To do: Copied exactly and without pictures, the lines from the beginning of the entries through the one that holds "Algo : Subsystem" should form the entire reply.

The data:
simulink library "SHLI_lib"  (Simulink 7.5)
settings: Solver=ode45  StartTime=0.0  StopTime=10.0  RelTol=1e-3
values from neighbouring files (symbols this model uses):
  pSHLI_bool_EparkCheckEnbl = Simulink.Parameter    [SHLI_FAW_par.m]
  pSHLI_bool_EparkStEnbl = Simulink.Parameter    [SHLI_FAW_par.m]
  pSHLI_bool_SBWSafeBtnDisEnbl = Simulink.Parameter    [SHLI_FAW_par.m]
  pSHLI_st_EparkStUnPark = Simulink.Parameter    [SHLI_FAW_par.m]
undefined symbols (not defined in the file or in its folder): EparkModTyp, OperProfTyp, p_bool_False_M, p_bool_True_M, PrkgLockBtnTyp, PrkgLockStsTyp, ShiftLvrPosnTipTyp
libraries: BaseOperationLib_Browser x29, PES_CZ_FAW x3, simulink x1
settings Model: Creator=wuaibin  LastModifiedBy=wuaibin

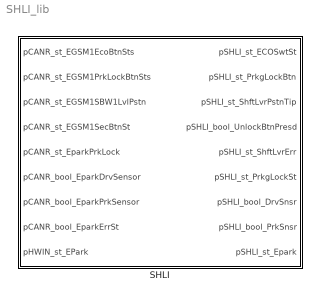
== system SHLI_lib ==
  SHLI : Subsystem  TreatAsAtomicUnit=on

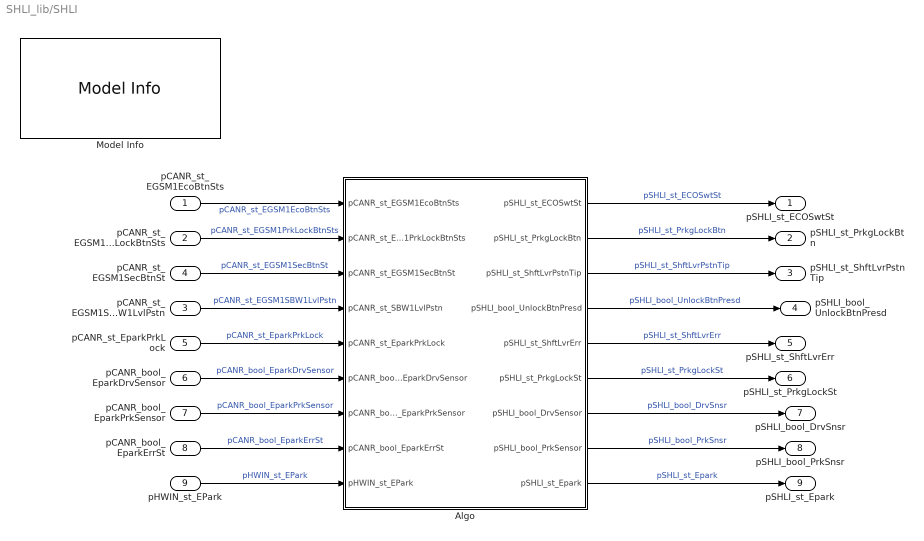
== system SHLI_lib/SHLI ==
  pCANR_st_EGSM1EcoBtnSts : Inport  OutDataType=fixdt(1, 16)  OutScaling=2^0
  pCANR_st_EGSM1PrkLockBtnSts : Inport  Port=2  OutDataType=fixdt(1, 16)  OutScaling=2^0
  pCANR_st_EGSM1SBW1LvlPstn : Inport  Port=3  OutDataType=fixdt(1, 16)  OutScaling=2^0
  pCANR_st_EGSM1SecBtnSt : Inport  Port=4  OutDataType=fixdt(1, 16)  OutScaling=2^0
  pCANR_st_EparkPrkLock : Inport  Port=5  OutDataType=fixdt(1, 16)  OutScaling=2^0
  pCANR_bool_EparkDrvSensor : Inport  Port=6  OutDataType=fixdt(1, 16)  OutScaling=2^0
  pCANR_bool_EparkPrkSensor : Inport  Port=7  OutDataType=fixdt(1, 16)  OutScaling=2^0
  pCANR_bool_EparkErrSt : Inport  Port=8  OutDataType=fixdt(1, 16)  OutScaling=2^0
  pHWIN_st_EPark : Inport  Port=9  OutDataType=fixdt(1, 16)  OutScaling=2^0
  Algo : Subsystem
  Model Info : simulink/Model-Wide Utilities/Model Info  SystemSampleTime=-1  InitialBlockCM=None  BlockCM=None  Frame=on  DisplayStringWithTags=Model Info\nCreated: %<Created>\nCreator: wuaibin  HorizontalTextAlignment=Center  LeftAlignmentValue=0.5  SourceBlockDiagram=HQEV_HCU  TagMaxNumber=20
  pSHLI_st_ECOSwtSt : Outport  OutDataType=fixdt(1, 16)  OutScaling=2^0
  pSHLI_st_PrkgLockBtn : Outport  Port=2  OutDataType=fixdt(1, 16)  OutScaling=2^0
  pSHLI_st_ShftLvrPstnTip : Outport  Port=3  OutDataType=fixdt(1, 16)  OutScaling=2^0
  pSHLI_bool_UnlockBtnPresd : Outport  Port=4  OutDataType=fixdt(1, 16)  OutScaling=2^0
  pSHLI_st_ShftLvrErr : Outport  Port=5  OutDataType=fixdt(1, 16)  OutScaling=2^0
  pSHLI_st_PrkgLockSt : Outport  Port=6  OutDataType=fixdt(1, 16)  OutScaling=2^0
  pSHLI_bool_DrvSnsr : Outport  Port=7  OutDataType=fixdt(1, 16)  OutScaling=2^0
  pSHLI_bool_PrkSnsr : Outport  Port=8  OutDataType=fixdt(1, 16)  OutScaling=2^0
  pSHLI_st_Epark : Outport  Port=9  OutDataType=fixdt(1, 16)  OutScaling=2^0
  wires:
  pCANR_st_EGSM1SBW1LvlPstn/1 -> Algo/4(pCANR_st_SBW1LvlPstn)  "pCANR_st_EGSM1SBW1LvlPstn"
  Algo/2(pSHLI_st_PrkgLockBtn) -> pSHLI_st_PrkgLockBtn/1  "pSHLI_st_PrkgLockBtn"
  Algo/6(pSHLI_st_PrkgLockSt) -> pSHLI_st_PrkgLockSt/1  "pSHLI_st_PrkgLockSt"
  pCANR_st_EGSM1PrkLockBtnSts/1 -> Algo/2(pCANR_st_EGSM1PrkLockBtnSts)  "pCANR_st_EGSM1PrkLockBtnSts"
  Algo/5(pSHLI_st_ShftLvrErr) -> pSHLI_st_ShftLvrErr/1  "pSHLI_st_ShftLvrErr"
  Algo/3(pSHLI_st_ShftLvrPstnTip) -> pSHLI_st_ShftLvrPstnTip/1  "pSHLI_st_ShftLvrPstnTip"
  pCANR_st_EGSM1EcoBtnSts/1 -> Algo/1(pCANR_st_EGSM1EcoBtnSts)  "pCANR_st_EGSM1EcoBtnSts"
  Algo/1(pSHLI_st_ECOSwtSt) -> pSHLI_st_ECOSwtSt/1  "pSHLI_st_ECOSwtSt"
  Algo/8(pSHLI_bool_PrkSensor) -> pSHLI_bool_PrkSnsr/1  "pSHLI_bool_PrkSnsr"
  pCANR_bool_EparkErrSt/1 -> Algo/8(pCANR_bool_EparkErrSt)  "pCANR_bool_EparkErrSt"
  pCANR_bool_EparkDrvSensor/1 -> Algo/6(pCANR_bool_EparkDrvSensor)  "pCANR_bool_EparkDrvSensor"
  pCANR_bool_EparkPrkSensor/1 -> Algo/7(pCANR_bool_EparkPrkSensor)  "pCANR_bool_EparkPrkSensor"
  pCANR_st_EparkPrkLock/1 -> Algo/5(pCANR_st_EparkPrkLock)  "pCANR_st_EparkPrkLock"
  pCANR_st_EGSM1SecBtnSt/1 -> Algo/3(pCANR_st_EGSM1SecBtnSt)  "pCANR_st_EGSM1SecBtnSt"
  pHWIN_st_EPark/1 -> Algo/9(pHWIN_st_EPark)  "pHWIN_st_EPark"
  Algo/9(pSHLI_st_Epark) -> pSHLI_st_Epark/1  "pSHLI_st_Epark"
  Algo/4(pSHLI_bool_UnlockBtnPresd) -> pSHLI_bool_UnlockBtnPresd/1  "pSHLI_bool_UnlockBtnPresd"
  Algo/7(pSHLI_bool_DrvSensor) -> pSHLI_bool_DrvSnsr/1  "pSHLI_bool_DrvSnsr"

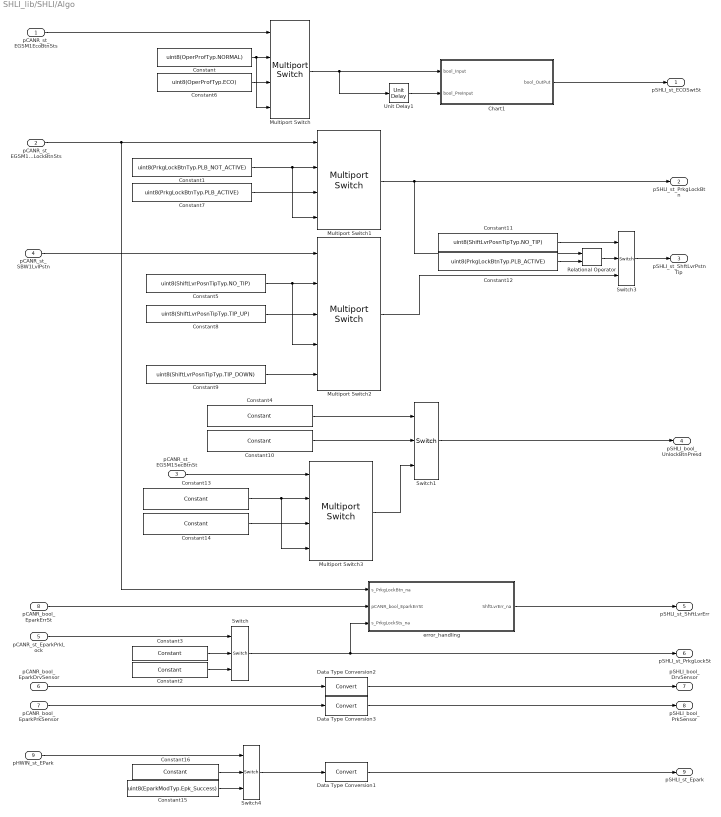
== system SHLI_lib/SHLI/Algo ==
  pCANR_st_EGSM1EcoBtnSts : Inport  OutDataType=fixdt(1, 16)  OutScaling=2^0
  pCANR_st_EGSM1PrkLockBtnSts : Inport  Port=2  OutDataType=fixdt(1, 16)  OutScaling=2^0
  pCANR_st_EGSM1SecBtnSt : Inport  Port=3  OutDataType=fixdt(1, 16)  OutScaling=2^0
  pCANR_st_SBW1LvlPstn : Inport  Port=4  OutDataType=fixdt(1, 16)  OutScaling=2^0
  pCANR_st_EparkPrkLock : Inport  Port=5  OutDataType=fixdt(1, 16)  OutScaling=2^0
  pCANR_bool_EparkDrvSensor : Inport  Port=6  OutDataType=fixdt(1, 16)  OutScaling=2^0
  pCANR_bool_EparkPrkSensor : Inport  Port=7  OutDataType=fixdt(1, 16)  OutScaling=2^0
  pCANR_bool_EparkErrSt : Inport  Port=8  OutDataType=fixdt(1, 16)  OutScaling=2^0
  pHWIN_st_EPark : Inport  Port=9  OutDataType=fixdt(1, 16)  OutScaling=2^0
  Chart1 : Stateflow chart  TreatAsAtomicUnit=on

Completed exercise:
simulink library "SHLI_lib"  (Simulink 7.5)
settings: Solver=ode45  StartTime=0.0  StopTime=10.0  RelTol=1e-3
values from neighbouring files (symbols this model uses):
  pSHLI_bool_EparkCheckEnbl = Simulink.Parameter    [SHLI_FAW_par.m]
  pSHLI_bool_EparkStEnbl = Simulink.Parameter    [SHLI_FAW_par.m]
  pSHLI_bool_SBWSafeBtnDisEnbl = Simulink.Parameter    [SHLI_FAW_par.m]
  pSHLI_st_EparkStUnPark = Simulink.Parameter    [SHLI_FAW_par.m]
undefined symbols (not defined in the file or in its folder): EparkModTyp, OperProfTyp, p_bool_False_M, p_bool_True_M, PrkgLockBtnTyp, PrkgLockStsTyp, ShiftLvrPosnTipTyp
libraries: BaseOperationLib_Browser x29, PES_CZ_FAW x3, simulink x1
settings Model: Creator=wuaibin  LastModifiedBy=wuaibin

== system SHLI_lib ==
  SHLI : Subsystem  TreatAsAtomicUnit=on

== system SHLI_lib/SHLI ==
  pCANR_st_EGSM1EcoBtnSts : Inport  OutDataType=fixdt(1, 16)  OutScaling=2^0
  pCANR_st_EGSM1PrkLockBtnSts : Inport  Port=2  OutDataType=fixdt(1, 16)  OutScaling=2^0
  pCANR_st_EGSM1SBW1LvlPstn : Inport  Port=3  OutDataType=fixdt(1, 16)  OutScaling=2^0
  pCANR_st_EGSM1SecBtnSt : Inport  Port=4  OutDataType=fixdt(1, 16)  OutScaling=2^0
  pCANR_st_EparkPrkLock : Inport  Port=5  OutDataType=fixdt(1, 16)  OutScaling=2^0
  pCANR_bool_EparkDrvSensor : Inport  Port=6  OutDataType=fixdt(1, 16)  OutScaling=2^0
  pCANR_bool_EparkPrkSensor : Inport  Port=7  OutDataType=fixdt(1, 16)  OutScaling=2^0
  pCANR_bool_EparkErrSt : Inport  Port=8  OutDataType=fixdt(1, 16)  OutScaling=2^0
  pHWIN_st_EPark : Inport  Port=9  OutDataType=fixdt(1, 16)  OutScaling=2^0
  Algo : Subsystem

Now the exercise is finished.